# Show me your ferret set ups



## thedogsmother (Aug 28, 2008)

Im just curious, where do your ferrets live? Piccies please


----------



## Melissa27 (Mar 15, 2012)

This is Dorian and Dodger's set-up for when they aren't roaming around causing trouble in the rest of the house. 










It is a Ferret Nation 143 enclosure (about 87 inches high by 36 wide by 25 deep) with two ferret exercise pens attached together on the outside to make one big 24 square foot pen. As you can see, it has lots of of toys in it that both ferrets tend to gleefully move to the centre of the pen for no reason whatsoever that I can fathom.

It isn't overly pretty to look at, and is probably overkill for just two ferrets (especially since they are out a lot), but both boys seem to love it. To me that makes it worth it despite it the fact that it takes up roughly half of the room it's in.  They especially love their dig box that I put in there from time to time... it has ferret-safe corn and potato starch packing peanuts in it (they never eat them or put them in their mouths, but I wanted something safe just in case) and they go mad playing and bouncing around in that thing.

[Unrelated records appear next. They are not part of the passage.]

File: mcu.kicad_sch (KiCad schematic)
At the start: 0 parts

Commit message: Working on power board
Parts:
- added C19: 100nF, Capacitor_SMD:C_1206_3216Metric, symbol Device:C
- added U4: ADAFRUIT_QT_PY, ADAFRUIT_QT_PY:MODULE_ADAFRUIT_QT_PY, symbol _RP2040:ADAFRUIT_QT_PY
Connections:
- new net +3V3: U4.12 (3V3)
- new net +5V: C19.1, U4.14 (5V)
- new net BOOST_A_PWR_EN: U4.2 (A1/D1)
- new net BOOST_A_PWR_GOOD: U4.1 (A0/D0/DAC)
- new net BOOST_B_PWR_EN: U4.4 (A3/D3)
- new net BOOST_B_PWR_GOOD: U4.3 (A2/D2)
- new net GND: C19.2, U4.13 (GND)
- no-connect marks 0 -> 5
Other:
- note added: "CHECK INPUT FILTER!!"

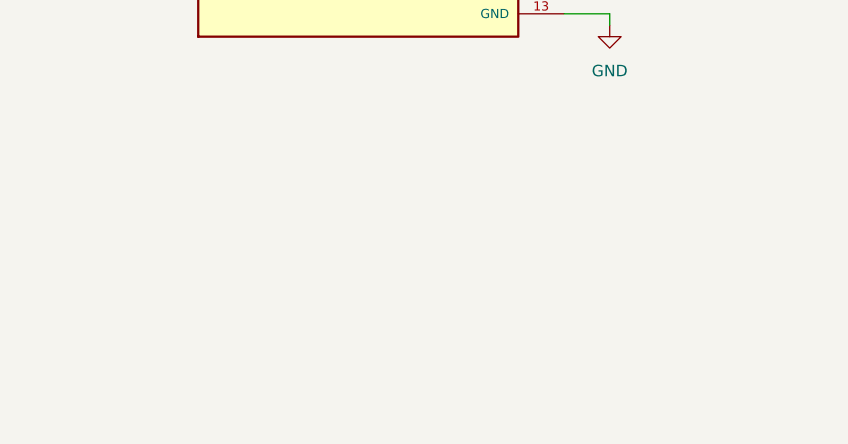
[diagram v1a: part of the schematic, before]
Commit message: Working on load switch design
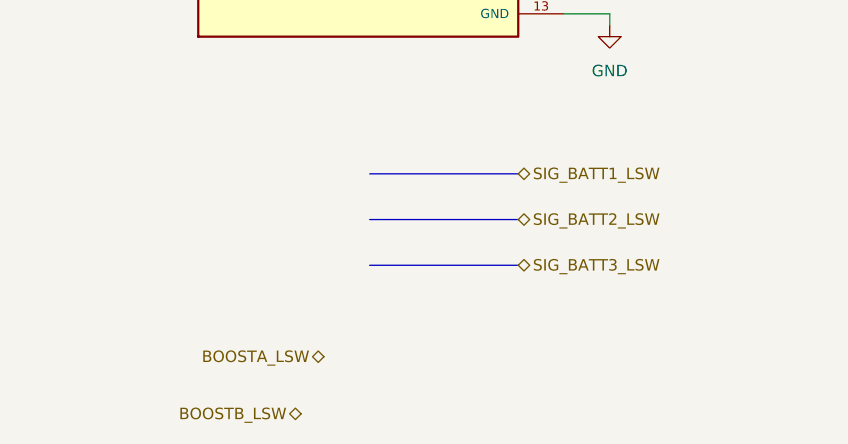
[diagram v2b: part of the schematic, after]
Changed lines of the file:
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@@
+	(bus
+		(pts
+			(xy 147.32 130.81) (xy 163.83 130.81)
+		)
+		(stroke
+			(width 0)
+			(type default)
+		)
+	)
 	(bus
 		(pts
@@
 	(bus
 		(pts
+			(xy 147.32 140.97) (xy 163.83 140.97)
+		)
+		(stroke
+			(width 0)
+			(type default)
+		)
+	)
+	(bus
+		(pts
 			(xy 97.79 107.95) (xy 97.79 110.49)
+		)
+		(stroke
+			(width 0)
+			(type default)
+		)
+	)
+	(bus
+		(pts
+			(xy 147.32 135.89) (xy 163.83 135.89)
 		)
 		(stroke
@@
 		)
 	)
+	(hierarchical_label "SIG_BATT2_LSW"
+		(shape bidirectional)
+		(at 163.83 135.89 0)
+		(effects
+			(font
+				(size 1.27 1.27)
+			)
+			(justify left)
+		)
+	)
+	(hierarchical_label "SIG_BATT3_LSW"
+		(shape bidirectional)
+		(at 163.83 140.97 0)
+		(effects
+			(font
+				(size 1.27 1.27)
+			)
+			(justify left)
+		)
+	)
+	(hierarchical_label "BOOSTA_LSW"
+		(shape bidirectional)
+		(at 142.24 151.13 180)
+		(effects
+			(font
+				(size 1.27 1.27)
+			)
+			(justify right)
+		)
+	)
 	(hierarchical_label "BOOST_A_SIG"
 		(shape bidirectional)
@@
 		)
 	)
+	(hierarchical_label "BOOSTB_LSW"
+		(shape bidirectional)
+		(at 139.7 157.48 180)
+		(effects
+			(font
+				(size 1.27 1.27)
+			)
+			(justify right)
+		)
+	)
+	(hierarchical_label "SIG_BATT1_LSW"
+		(shape bidirectional)
+		(at 163.83 130.81 0)
+		(effects
+			(font
+				(size 1.27 1.27)
+			)
+			(justify left)
+		)
+	)

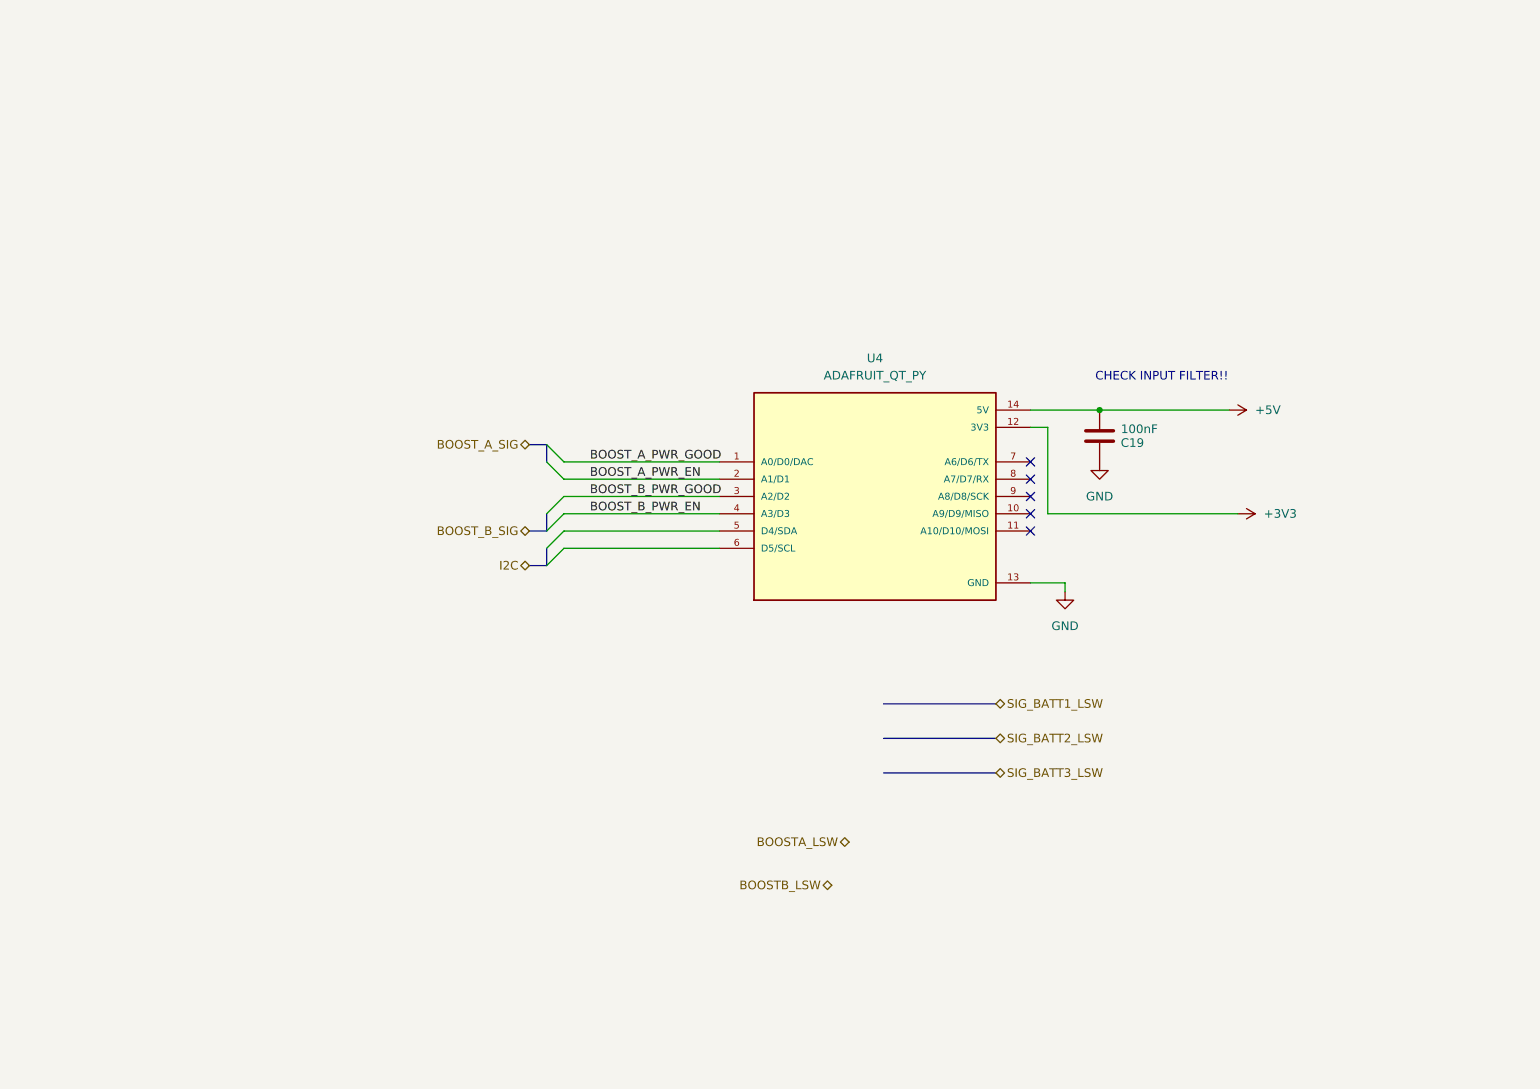
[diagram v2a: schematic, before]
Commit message: Adding in connections to schematic
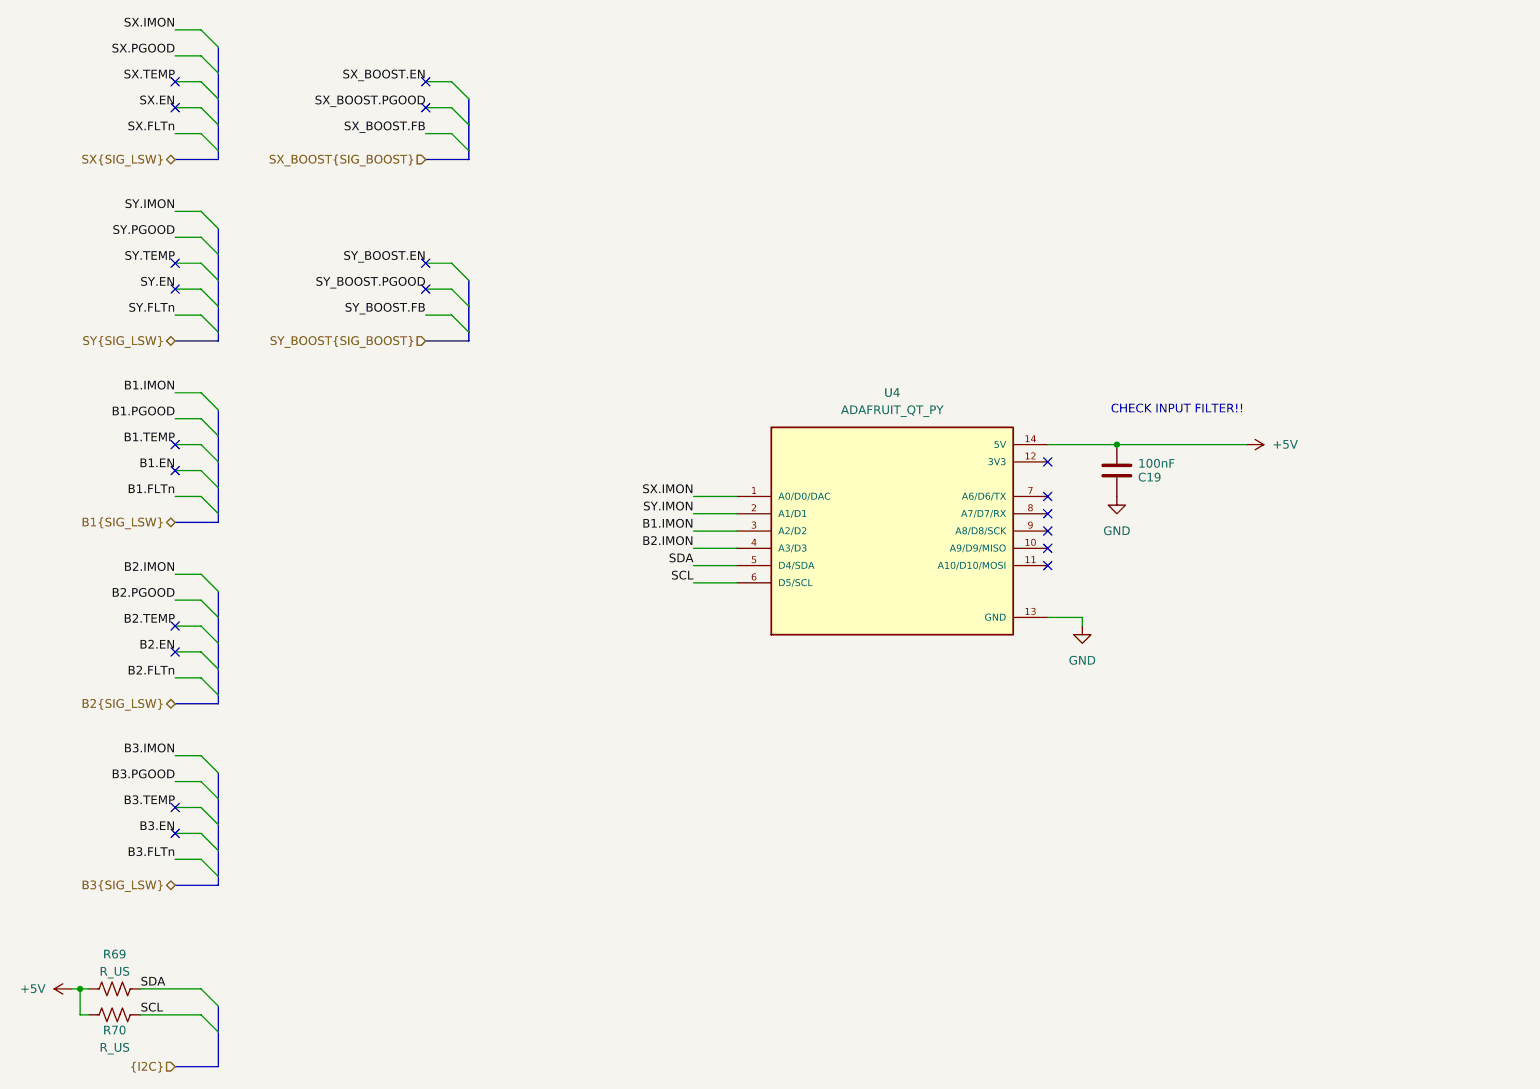
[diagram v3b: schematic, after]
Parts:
- added R69, R70: R_US, symbol Device:R_US
- U4: footprint ADAFRUIT_QT_PY:MODULE_ADAFRUIT_QT_PY -> _Power_Board:MODULE_ADAFRUIT_QT_PY
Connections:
- net +5V: now also R69.1, R70.2
- net SDA: now reaches U4.5 (D4/SDA)
- net SDA: now also R69.2
- net SCL: now reaches U4.6 (D5/SCL)
- net SCL: now also R70.1
- net +3V3: no longer names the net of U4.12 (3V3)
- net BOOST_A_PWR_EN renamed SY.IMON
- net BOOST_A_PWR_GOOD renamed SX.IMON
- net BOOST_B_PWR_EN renamed B2.IMON
- net BOOST_B_PWR_GOOD renamed B1.IMON
- no-connect marks 5 -> 20
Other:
- company: (none) -> Solar Airplane
- title: (none) -> House keeping
- moved on the sheet: C19, U4

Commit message: Working on layout now
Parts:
- removed R69, R70: R_US, symbol Device:R_US
- added R6, R7: 33k, Resistor_SMD:R_0603_1608Metric, symbol Device:R_US
- renumbered U4 to U3
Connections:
- net +5V: now also R6.1, R7.2
- net SCL: now also R7.1
- net SDA: now also R6.2

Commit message: Working on layout for dev board
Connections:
- net SX.EN: now also U3.9 (A8/D8/SCK)
- net SX_BOOST.EN: now also U3.7 (A6/D6/TX)
- net SY.EN: now also U3.10 (A9/D9/MISO)
- net SY_BOOST.EN: now also U3.8 (A7/D7/RX)
- no-connect marks 20 -> 16
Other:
- moved on the sheet: C19
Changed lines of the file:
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@@
 	)
 	(junction
-		(at 181.61 92.71)
+		(at 198.12 92.71)
 		(diameter 0)
 		(color 0 0 0 0)
@@
 	)
 	(no_connect
-		(at 171.45 107.95)
-	)
-	(no_connect
 		(at 171.45 95.25)
-	)
-	(no_connect
-		(at 171.45 102.87)
 	)
 	(no_connect
@@
 	)
 	(no_connect
-		(at 171.45 100.33)
-	)
-	(no_connect
 		(at 43.18 39.37)
 	)
@@
 		(at 80.01 39.37)
 	)
-	(no_connect
-		(at 171.45 105.41)
-	)
 	(bus_entry
 		(at 86.36 72.39)
@@
 	(wire
 		(pts
+			(xy 171.45 107.95) (xy 177.8 107.95)
+		)
+		(stroke
+			(width 0)
+			(type default)
+		)
+	)
+	(wire
+		(pts
 			(xy 46.99 66.04) (xy 43.18 66.04)
 		)
@@
 		)
 	)
+	(wire
+		(pts
+			(xy 177.8 102.87) (xy 171.45 102.87)
+		)
+		(stroke
+			(width 0)
+			(type default)
+		)
+	)
 	(bus
 		(pts
@@
 	(wire
 		(pts
+			(xy 177.8 100.33) (xy 171.45 100.33)
+		)
+		(stroke
+			(width 0)
+			(type default)
+		)
+	)
+	(wire
+		(pts
 			(xy 46.99 142.24) (xy 43.18 142.24)
 		)
@@
 	(wire
 		(pts
+			(xy 171.45 105.41) (xy 177.8 105.41)
+		)
+		(stroke
+			(width 0)
+			(type default)
+		)
+	)
+	(wire
+		(pts
 			(xy 46.99 96.52) (xy 43.18 96.52)
 		)
@@
 	(wire
 		(pts
-			(xy 171.45 92.71) (xy 181.61 92.71)
+			(xy 171.45 92.71) (xy 198.12 92.71)
 		)
 		(stroke
@@
 	(wire
 		(pts
+			(xy 198.12 92.71) (xy 209.55 92.71)
+		)
+		(stroke
+			(width 0)
+			(type default)
+		)
+	)
+	(wire
+		(pts
 			(xy 119.38 110.49) (xy 125.73 110.49)
 		)
@@
 		(pts
 			(xy 80.01 50.8) (xy 86.36 50.8)
-		)
-		(stroke
-			(width 0)
-			(type default)
-		)
-	)
-	(wire
-		(pts
-			(xy 181.61 92.71) (xy 200.66 92.71)
 		)
 		(stroke
@@
 		)
 	)
+	(label "SY_BOOST.EN"
+		(at 177.8 102.87 0)
+		(effects
+			(font
+				(size 1.27 1.27)
+			)
+			(justify left bottom)
+		)
+	)
 	(label "SX.FLTn"
 		(at 43.18 46.99 180)
@@
 		)
 	)
+	(label "SY.EN"
+		(at 177.8 107.95 0)
+		(effects
+			(font
+				(size 1.27 1.27)
+			)
+			(justify left bottom)
+		)
+	)
 	(label "SDA"
 		(at 38.1 172.72 0)
@@
 		)
 	)
+	(label "SX.EN"
+		(at 177.8 105.41 0)
+		(effects
+			(font
+				(size 1.27 1.27)
+			)
+			(justify left bottom)
+		)
+	)
 	(label "SY_BOOST.EN"
 		(at 80.01 66.04 180)
@@
 			)
 			(justify right bottom)
+		)
+	)
+	(label "SX_BOOST.EN"
+		(at 177.8 100.33 0)
+		(effects
+			(font
+				(size 1.27 1.27)
+			)
+			(justify left bottom)
 		)
 	)
@@
 	(symbol
 		(lib_id "Device:C")
-		(at 181.61 96.52 0)
+		(at 198.12 96.52 0)
 		(unit 1)
 		(exclude_from_sim no)
@@
 		(dnp no)
 		(property "Reference" "C19"
-			(at 186.436 97.536 0)
+			(at 202.946 97.536 0)
 			(effects
 				(font
@@
 		)
 		(property "Value" "100nF"
-			(at 187.452 95.504 0)
+			(at 203.962 95.504 0)
 			(effects
 				(font
@@
 		)
 		(property "Footprint" "Capacitor_SMD:C_1206_3216Metric"
-			(at 182.5752 100.33 0)
+			(at 199.0852 100.33 0)
 			(effects
 				(font
@@
 		)
 		(property "Datasheet" "https://search.murata.co.jp/Ceramy/image/img/A01X/G101/ENG/GCM31C5C1H104FA16-01.pdf"
-			(at 181.61 96.52 0)
+			(at 198.12 96.52 0)
 			(effects
 				(font
@@
 		)
 		(property "Description" "CAP CER 0.1UF 50V C0G/NP0 1206"
-			(at 181.61 96.52 0)
+			(at 198.12 96.52 0)
 			(effects
 				(font
@@
 		)
 		(property "Mfr" "Murata Electronics"
-			(at 181.61 96.52 0)
+			(at 198.12 96.52 0)
 			(effects
 				(font
@@
 		)
 		(property "Mfr P/N" "GCM31C5C1H104FA16L"
-			(at 181.61 96.52 0)
+			(at 198.12 96.52 0)
 			(effects
 				(font
@@
 		)
 		(property "Supplier_1" "Digikey"
-			(at 181.61 96.52 0)
+			(at 198.12 96.52 0)
 			(effects
 				(font
@@
 		)
 		(property "Supplier_1 P/N" "490-GCM31C5C1H104FA16LTR-ND"
-			(at 181.61 96.52 0)
+			(at 198.12 96.52 0)
 			(effects
 				(font
@@
 		)
 		(property "Supplier_1 Unit Price" "0.98000"
-			(at 181.61 96.52 0)
+			(at 198.12 96.52 0)
 			(effects
 				(font
@@
 		)
 		(property "Supplier_1 Price @ Qty" "1"
-			(at 181.61 96.52 0)
+			(at 198.12 96.52 0)
 			(effects
 				(font
@@
 		)
 		(property "Supplier_2" ""
-			(at 181.61 96.52 0)
+			(at 198.12 96.52 0)
 			(effects
 				(font
@@
 		)
 		(property "Supplier_2 P/N" ""
-			(at 181.61 96.52 0)
+			(at 198.12 96.52 0)
 			(effects
 				(font
@@
 		)
 		(property "Supplier_2 Unit Price" ""
-			(at 181.61 96.52 0)
+			(at 198.12 96.52 0)
 			(effects
 				(font
@@
 		)
 		(property "Supplier_2 Price @ Qty" ""
-			(at 181.61 96.52 0)
+			(at 198.12 96.52 0)
 			(effects
 				(font
@@
 	(symbol
 		(lib_id "power:+5V")
-		(at 200.66 92.71 270)
+		(at 209.55 92.71 270)
 		(unit 1)
 		(exclude_from_sim no)
@@
 		(fields_autoplaced yes)
 		(property "Reference" "#PWR024"
-			(at 196.85 92.71 0)
+			(at 205.74 92.71 0)
 			(effects
 				(font
@@
 		)
 		(property "Value" "+5V"
-			(at 204.47 92.7099 90)
+			(at 213.36 92.7099 90)
 			(effects
 				(font
@@
 		)
 		(property "Footprint" ""
-			(at 200.66 92.71 0)
+			(at 209.55 92.71 0)
 			(effects
 				(font
@@
 		)
 		(property "Datasheet" ""
-			(at 200.66 92.71 0)
+			(at 209.55 92.71 0)
 			(effects
 				(font
@@
 		)
 		(property "Description" "Power symbol creates a global label with name \"+5V\""
-			(at 200.66 92.71 0)
+			(at 209.55 92.71 0)
 			(effects
 				(font
@@
 	(symbol
 		(lib_id "power:GND")
-		(at 181.61 100.33 0)
+		(at 198.12 100.33 0)
 		(unit 1)
 		(exclude_from_sim no)
@@
 		(fields_autoplaced yes)
 		(property "Reference" "#PWR023"
-			(at 181.61 106.68 0)
+			(at 198.12 106.68 0)
 			(effects
 				(font
@@
 		)
 		(property "Value" "GND"
-			(at 181.61 105.41 0)
+			(at 198.12 105.41 0)
 			(effects
 				(font
@@
 		)
 		(property "Footprint" ""
-			(at 181.61 100.33 0)
+			(at 198.12 100.33 0)
 			(effects
 				(font
@@
 		)
 		(property "Datasheet" ""
-			(at 181.61 100.33 0)
+			(at 198.12 100.33 0)
 			(effects
 				(font
@@
 		)
 		(property "Description" "Power symbol creates a global label with name \"GND\" , ground"
-			(at 181.61 100.33 0)
-			(effects
-				(font
+			(at 198.12 100.33 0)
+			(effects
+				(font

On a random note, my cat for some strange reason loves to hop in there from time to time and play with them, and when he does he regularly decides to wear that octopus toy as a hat.


----------



## thedogsmother (Aug 28, 2008)

That looks amazing Melissa, I forgot I did this thread so Im glad you posted, I will have to take some pics of my own, not that its anywhere near as impressive as your boys home


----------